# INFORMATION SHOWN

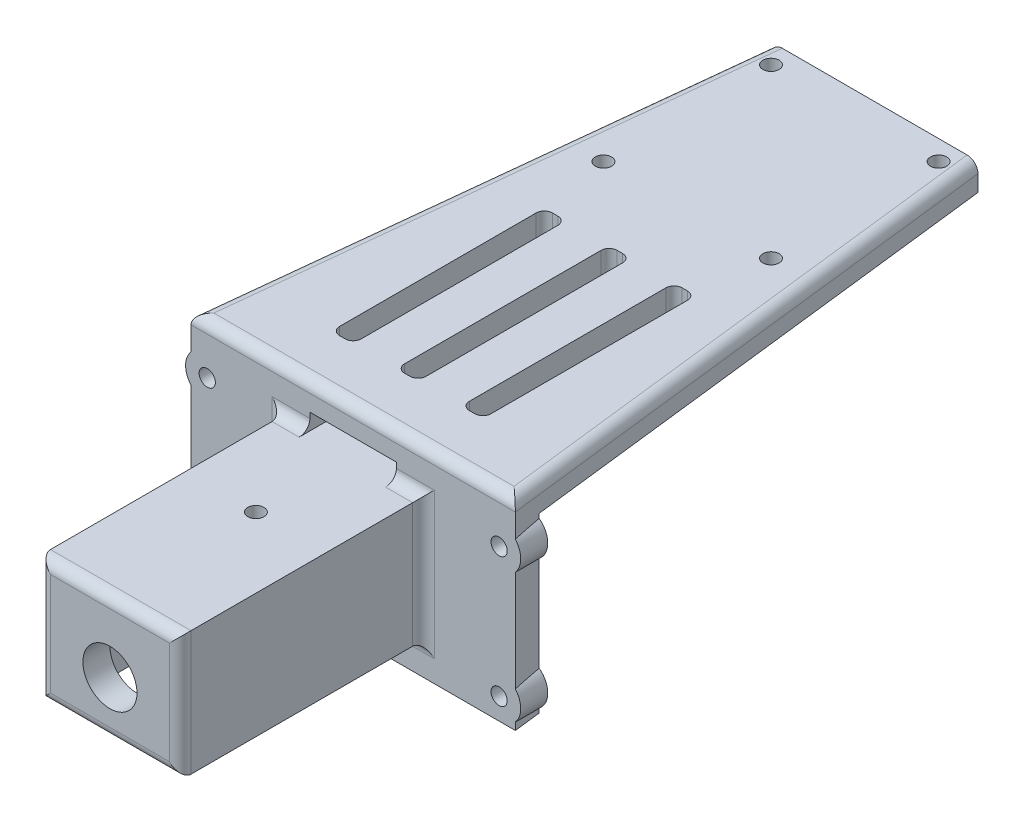
from build123d import *

# Parameters (mm, degrees)
SKETCH1_W           = 60
SKETCH1_H           = 32
BOSS_EXTRUDE1_DEPTH = 5
SKETCH2_R           = 1.5
CUT_EXTRUDE1_DEPTH  = 5
SKETCH4_R           = 5
CUT_EXTRUDE2_DEPTH  = 5
SKETCH5_W           = 60
SKETCH5_H           = 5
BOSS_EXTRUDE2_DEPTH = 97
SKETCH6_R           = 1.5
CUT_EXTRUDE3_DEPTH  = 100
CUT_EXTRUDE4_DEPTH  = 100
BOSS_EXTRUDE3_DEPTH = 45
SKETCH9_W           = 26
SKETCH9_H           = 23
BOSS_EXTRUDE4_DEPTH = 5
SKETCH10_R          = 5
CUT_EXTRUDE5_DEPTH  = 5
SKETCH17_W          = 16
SKETCH17_H          = 3
CUT_EXTRUDE6_DEPTH  = 10
SKETCH18_R          = 1.5
CUT_EXTRUDE7_DEPTH  = 10
FILLET3_R           = 2
FILLET4_R           = 2
FILLET5_R           = 2
SKETCH34_R          = 4
SKETCH34_R_2        = 1.5
BOSS_EXTRUDE5_DEPTH = 5
SKETCH36_R          = 4
SKETCH36_R_2        = 1.5
BOSS_EXTRUDE6_DEPTH = 5
SKETCH37_R          = 4
SKETCH37_R_2        = 1.5
BOSS_EXTRUDE7_DEPTH = 5
SKETCH38_R          = 4
SKETCH38_R_2        = 1.5
BOSS_EXTRUDE8_DEPTH = 5
SKETCH40_W          = 4
SKETCH40_H          = 39.348212258
CUT_EXTRUDE8_DEPTH  = 10
FILLET6_R           = 1.5
SKETCH43_R          = 1.5
CUT_EXTRUDE10_DEPTH = 9


with BuildPart() as part:
    # Sketch1 → Boss-Extrude1 (new body)
    with BuildSketch(Plane.XY):
        Rectangle(SKETCH1_W, SKETCH1_H)
    extrude(amount=BOSS_EXTRUDE1_DEPTH)

    # Sketch2 → Cut-Extrude1 (cut)
    with BuildSketch(Plane.XY.offset(5)):
        with Locations((27, 12)):
            Circle(SKETCH2_R)
        with Locations((27, -12)):
            Circle(SKETCH2_R)
        with Locations((-27, -12)):
            Circle(SKETCH2_R)
        with Locations((-27, 12)):
            Circle(SKETCH2_R)
    extrude(amount=-CUT_EXTRUDE1_DEPTH, mode=Mode.SUBTRACT)

    # Sketch4 → Cut-Extrude2 (cut)
    with BuildSketch(Plane.XY.offset(5)):
        Circle(SKETCH4_R)
    extrude(amount=-CUT_EXTRUDE2_DEPTH, mode=Mode.SUBTRACT)

    # Sketch5 → Boss-Extrude2 (add)
    with BuildSketch(Plane.XY.offset(5)):
        with Locations((0, 18.5)):
            Rectangle(SKETCH5_W, SKETCH5_H)
    extrude(amount=-BOSS_EXTRUDE2_DEPTH)

    # Sketch6 → Cut-Extrude3 (cut)
    with BuildSketch(Plane.XZ.offset(-16)):
        with Locations(Location((15, -57.3, 0), (0, 0, 270))):
            Circle(SKETCH6_R)
        with Locations(Location((-16, -57.3, 0), (0, 0, 270))):
            Circle(SKETCH6_R)
        with Locations(Location((15, -88.3, 0), (0, 0, 270))):
            Circle(SKETCH6_R)
        with Locations(Location((-16, -88.3, 0), (0, 0, 270))):
            Circle(SKETCH6_R)
    extrude(amount=-CUT_EXTRUDE3_DEPTH, mode=Mode.SUBTRACT)

    # Sketch7 → Cut-Extrude4 (cut)
    with BuildSketch(Plane(origin=(0, 21, 0), x_dir=(1, 0, 0), z_dir=(0, 1, 0))):
        Polygon((30, -5), (18.592432289, 92), (30, 92), align=None)
        Polygon((-30, -5), (-19.627140112, 92), (-30, 92), align=None)
    extrude(amount=-CUT_EXTRUDE4_DEPTH, mode=Mode.SUBTRACT)

    # Sketch8 → Boss-Extrude3 (add)
    with BuildSketch(Plane.XY.offset(5)):
        Polygon((13, 13), (-13, 13), (-13, -10), (-10, -10), (-10, 10), (10, 10), (10, -10), (13, -10), align=None)
    extrude(amount=BOSS_EXTRUDE3_DEPTH)

    # Sketch9 → Boss-Extrude4 (add)
    with BuildSketch(Plane.XY.offset(50)):
        with Locations((0, 1.5)):
            Rectangle(SKETCH9_W, SKETCH9_H)
    extrude(amount=-BOSS_EXTRUDE4_DEPTH)

    # Sketch10 → Cut-Extrude5 (cut)
    with BuildSketch(Plane.XY.offset(50)):
        Circle(SKETCH10_R)
    extrude(amount=-CUT_EXTRUDE5_DEPTH, mode=Mode.SUBTRACT)

    # Sketch17 → Cut-Extrude6 (cut)
    with BuildSketch(Plane.XY.offset(5)):
        with Locations((0, 14.5)):
            Rectangle(SKETCH17_W, SKETCH17_H)
    extrude(amount=-CUT_EXTRUDE6_DEPTH, mode=Mode.SUBTRACT)

    # Sketch18 → Cut-Extrude7 (cut)
    with BuildSketch(Plane(origin=(0, 13, 0), x_dir=(1, 0, 0), z_dir=(0, 1, 0))):
        with Locations(Location((0, -23, 0), (0, 0, 180))):
            Circle(SKETCH18_R)
    extrude(amount=-CUT_EXTRUDE7_DEPTH, mode=Mode.SUBTRACT)

    # Fillet3
    fillet3_edges = [part.edges().sort_by_distance(p)[0] for p in [
        (0, 21, 5),
        (24.296216145, 21, -43.5),
        (-24.813570056, 21, -43.5),
    ]]
    fillet(fillet3_edges, radius=FILLET3_R)

    # Fillet4
    fillet4_edges = [part.edges().sort_by_distance(p)[0] for p in [
        (0, -10, 50),
        (13, 1.5, 50),
        (0, 13, 50),
        (-13, 1.5, 50),
    ]]
    fillet(fillet4_edges, radius=FILLET4_R)

    # Fillet5
    fillet5_edges = [part.edges().sort_by_distance(p)[0] for p in [
        (11.5, -10, 5),
        (13, 1.5, 5),
        (10.5, 13, 5),
        (-13, 1.5, 5),
        (-11.5, -10, 5),
        (-10.5, 13, 5),
    ]]
    fillet(fillet5_edges, radius=FILLET5_R)

    # Sketch34 → Boss-Extrude5 (add)
    with BuildSketch(Plane.XY.offset(5)):
        with Locations((-27, 12)):
            Circle(SKETCH34_R)
        with Locations((-27, 12)):
            Circle(SKETCH34_R_2, mode=Mode.SUBTRACT)
    extrude(amount=-BOSS_EXTRUDE5_DEPTH)

    # Sketch36 → Boss-Extrude6 (add)
    with BuildSketch(Plane.XY.offset(5)):
        with Locations((-27, -12)):
            Circle(SKETCH36_R)
        with Locations((-27, -12)):
            Circle(SKETCH36_R_2, mode=Mode.SUBTRACT)
    extrude(amount=-BOSS_EXTRUDE6_DEPTH)

    # Sketch37 → Boss-Extrude7 (add)
    with BuildSketch(Plane.XY.offset(5)):
        with Locations((27, 12)):
            Circle(SKETCH37_R)
        with Locations((27, 12)):
            Circle(SKETCH37_R_2, mode=Mode.SUBTRACT)
    extrude(amount=-BOSS_EXTRUDE7_DEPTH)

    # Sketch38 → Boss-Extrude8 (add)
    with BuildSketch(Plane.XY.offset(5)):
        with Locations((27, -12)):
            Circle(SKETCH38_R)
        with Locations((27, -12)):
            Circle(SKETCH38_R_2, mode=Mode.SUBTRACT)
    extrude(amount=-BOSS_EXTRUDE8_DEPTH)

    # Sketch40 → Cut-Extrude8 (cut)
    with BuildSketch(Plane(origin=(0, 21, 0), x_dir=(1, 0, 0), z_dir=(0, 1, 0))):
        with Locations((12, 24.674106129)):
            Rectangle(SKETCH40_W, SKETCH40_H)
        with Locations((0, 24.674106129)):
            Rectangle(SKETCH40_W, SKETCH40_H)
        with Locations((-12, 24.674106129)):
            Rectangle(SKETCH40_W, SKETCH40_H)
    extrude(amount=-CUT_EXTRUDE8_DEPTH, mode=Mode.SUBTRACT)

    # Fillet6
    fillet6_edges = [part.edges().sort_by_distance(p)[0] for p in [
        (-10, 18.5, -5),
        (-14, 18.5, -5),
        (-14, 18.5, -44.348212258),
        (-10, 18.5, -44.348212258),
        (2, 18.5, -5),
        (-2, 18.5, -5),
        (-2, 18.5, -44.348212258),
        (2, 18.5, -44.348212258),
        (14, 18.5, -5),
        (10, 18.5, -5),
        (10, 18.5, -44.348212258),
        (14, 18.5, -44.348212258),
    ]]
    fillet(fillet6_edges, radius=FILLET6_R)

    # Sketch43 → Cut-Extrude10 (cut)
    with BuildSketch(Plane.ZY.offset(13)):
        with Locations((40, 1.5)):
            Circle(SKETCH43_R)
    extrude(amount=-CUT_EXTRUDE10_DEPTH, mode=Mode.SUBTRACT)


solid = part.part

# INSTRUCTIONS TO FOLLOW
Among the lines above, find the ones containing "align" and copy them.

# WRITTEN SOLUTION
        Polygon((30, -5), (18.592432289, 92), (30, 92), align=None)
        Polygon((-30, -5), (-19.627140112, 92), (-30, 92), align=None)
        Polygon((13, 13), (-13, 13), (-13, -10), (-10, -10), (-10, 10), (10, 10), (10, -10), (13, -10), align=None)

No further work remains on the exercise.